In the next several years, von Pragenau filed two patents for new Shuttle stack designs; the first was filed in 1974 and granted in 1975, while the second was filed in 1982 and granted in 1984. Both reoriented the stack more vertically, like a rocket, with the Solid Rocket Boosters placed together at the bottom and the LOX tanks oriented lower to improve stability. The second patent held the SRBs together with a connecting thrust structure and in place with slide rails on either side; the whole structure could be jettisoned using pyrotechnic bolts once the SRBs were empty. Neither design was ultimately adopted by NASA.

After the Challenger disaster, von Pragenau again proposed an updated design for the Space Shuttle.

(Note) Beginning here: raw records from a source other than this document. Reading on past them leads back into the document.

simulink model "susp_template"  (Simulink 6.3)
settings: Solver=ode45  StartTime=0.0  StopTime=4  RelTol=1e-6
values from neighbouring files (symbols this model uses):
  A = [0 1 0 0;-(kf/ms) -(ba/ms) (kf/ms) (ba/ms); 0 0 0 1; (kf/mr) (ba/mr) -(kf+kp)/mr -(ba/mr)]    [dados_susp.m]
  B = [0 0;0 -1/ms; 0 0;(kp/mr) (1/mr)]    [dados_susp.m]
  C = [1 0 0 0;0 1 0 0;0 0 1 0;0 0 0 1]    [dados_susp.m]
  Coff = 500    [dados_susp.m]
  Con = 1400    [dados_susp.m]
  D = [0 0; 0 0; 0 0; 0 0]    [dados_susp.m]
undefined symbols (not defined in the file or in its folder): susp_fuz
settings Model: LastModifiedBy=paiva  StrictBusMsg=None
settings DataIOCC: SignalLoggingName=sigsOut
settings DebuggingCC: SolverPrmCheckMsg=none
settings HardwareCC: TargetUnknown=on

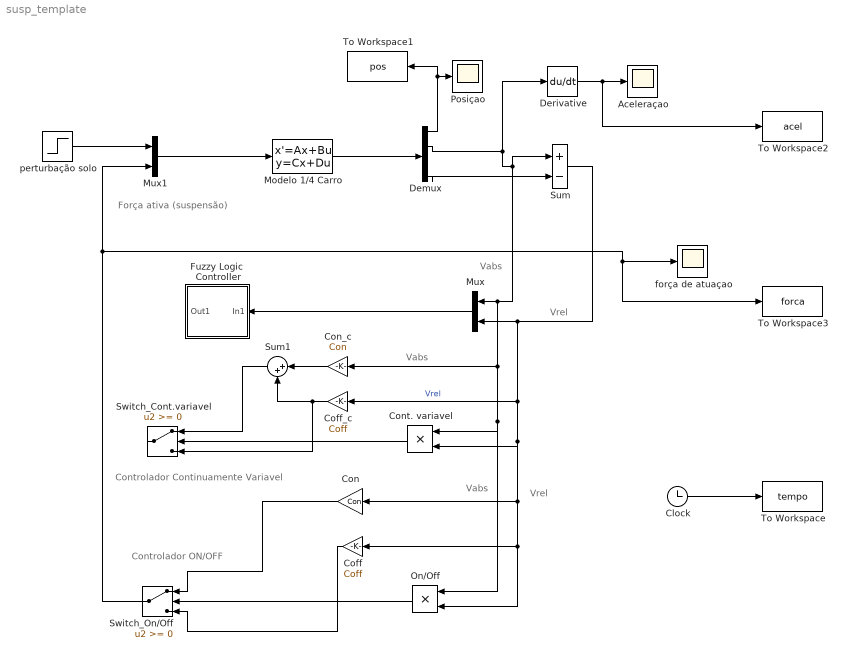
== system susp_template ==
  note: Vrel
  note: Vabs
  note: Vabs
  note: Vabs
  note: Vrel
  note: Força ativa (suspensão)
  note: Controlador
      | Continuamente Variavel
  note: Controlador ON/OFF
  Aceleraçao : Scope
      settings: TimeRange=2  YMin=-2  YMax=1  SaveName=Aceleraçao
  Clock : Clock
      settings: Decimation=10
  Coff : Gain  Orientation=left  Gain=Coff  SaturateOnIntegerOverflow=on
  Coff_c : Gain  Orientation=left  Gain=Coff  SaturateOnIntegerOverflow=on
  Con : Gain  Orientation=left  Gain=Con  SaturateOnIntegerOverflow=on
  Con_c : Gain  Orientation=left  Gain=Con  SaturateOnIntegerOverflow=on
  Cont. variavel : Product  Orientation=left  SaturateOnIntegerOverflow=on
  Demux : Demux
  Derivative : Derivative
  Fuzzy Logic  Controller : Subsystem  Orientation=left  AncestorBlock="fuzblock/Fuzzy Logic  Controller"  mask(FIS){fis=susp_fuz}
      mask prompts: fis "FIS File or Structure:"
      mask help: FIS
      mask init:
      | fis = fuzblockmask(gcb,fis);
      mask Help: web(['file:///' docroot '/toolbox/fuzzy/fuzzylogiccontroller.html']);
      mask Display: plot(0, -0.3, 6, -0.3, 0, 1.2, 6, 1.2, [0 6], [0 0], [1 2 3],[0 1 0],[2 3 4],[0 1 0],[3 4 5],[0 1 0])
  Modelo 1/4 Carro : StateSpace  A=A  B=B  C=C  D=D  X0=[0 0 0 0]
  Mux : Mux  Orientation=left  Inputs=2
  Mux1 : Mux  Inputs=2
  On/Off : Product  Orientation=left  SaturateOnIntegerOverflow=on
  Posiçao : Scope
      settings: TimeRange=2  YMin=-1.73472e-018  YMax=0.065  SaveName=posicao_chassis
  Sum : Sum  Inputs=|+-  SaturateOnIntegerOverflow=on
  Sum1 : Sum  Orientation=left  Inputs=|++  SaturateOnIntegerOverflow=on
  Switch_Cont.variavel : Switch  Orientation=left  SaturateOnIntegerOverflow=on
  Switch_On/Off : Switch  Orientation=left  SaturateOnIntegerOverflow=on
  To Workspace : ToWorkspace  VariableName=tempo  SampleTime=-1  SaveFormat=Array
  To Workspace1 : ToWorkspace  VariableName=pos  SampleTime=-1  SaveFormat=Array
  To Workspace2 : ToWorkspace  VariableName=acel  SampleTime=-1  SaveFormat=Array
  To Workspace3 : ToWorkspace  VariableName=forca  SampleTime=-1  SaveFormat=Array
  força de atuaçao : Scope
      settings: TimeRange=2  YMin=-2  YMax=1  SaveName=Aceleraao1
  perturbação solo : Step  Time=0  After=0.05  SampleTime=0  VectorParams1D=off  ZeroCross=off
  wires:
  Modelo 1/4 Carro/1 -> Demux/1
  Mux1/1 -> Modelo 1/4 Carro/1
  perturbação solo/1 -> Mux1/1
  Mux/1 -> Fuzzy Logic  Controller/1(In1)
  Demux/4 -> Sum/2
  Demux/2 -> Sum/1, Mux/1, Con_c/1, Cont. variavel/1, On/Off/1, Derivative/1
  Derivative/1 -> Aceleraçao/1, To Workspace2/1
  Demux/1 -> Posiçao/1, To Workspace1/1
  Sum/1 -> Mux/2, Coff_c/1, Cont. variavel/2, Con/1, On/Off/2, Coff/1  "Vrel"
  Cont. variavel/1 -> Switch_Cont.variavel/2
  Coff_c/1 -> Sum1/2, Switch_Cont.variavel/3
  Con_c/1 -> Sum1/1
  Sum1/1 -> Switch_Cont.variavel/1
  Clock/1 -> To Workspace/1
  On/Off/1 -> Switch_On/Off/2
  Con/1 -> Switch_On/Off/1
  Coff/1 -> Switch_On/Off/3
  Switch_On/Off/1 -> Mux1/2, força de atuaçao/1, To Workspace3/1

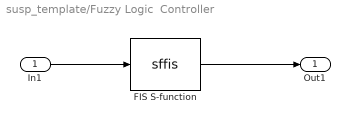
== system susp_template/Fuzzy Logic  Controller ==
  In1 : Inport
  FIS S-function : S-Function  FunctionName=sffis  Parameters=fis  SFunctionModules=sfsup
  Out1 : Outport
  wires:
  In1/1 -> FIS S-function/1
  FIS S-function/1 -> Out1/1

He also conceived a solid twist seal to replace the Shuttle's rubber seals, a design which he offered to Thiokol; the company chose to retain its rubber seals, instead using a "double clutch" system to prevent hot gasses from reaching them. After NASA forbade von Pragenau from presenting his designs to the American Institute of Aeronautics and Astronautics, he became frustrated and left, retiring from the MSFC in April 1991.

Von Pragenau continued to work in the private sector after leaving NASA. In 1995 he founded a one-man company called Provident Technology. Provident received two contracts with NASA for testing, using damping seals von Pragenau had proposed during his time at the MSFC.

===Personal life===
In early 1961, von Pragenau was introduced by a Mrs. Schlidt to Helga Stork, a recent arrival from Germany who worked in the Schlidts' house. The two spent the summer together alongside a number of von Pragenau's NASA colleagues. On New Year's Eve 1961, von Pragenau proposed to Stork; the couple married in March of the following year.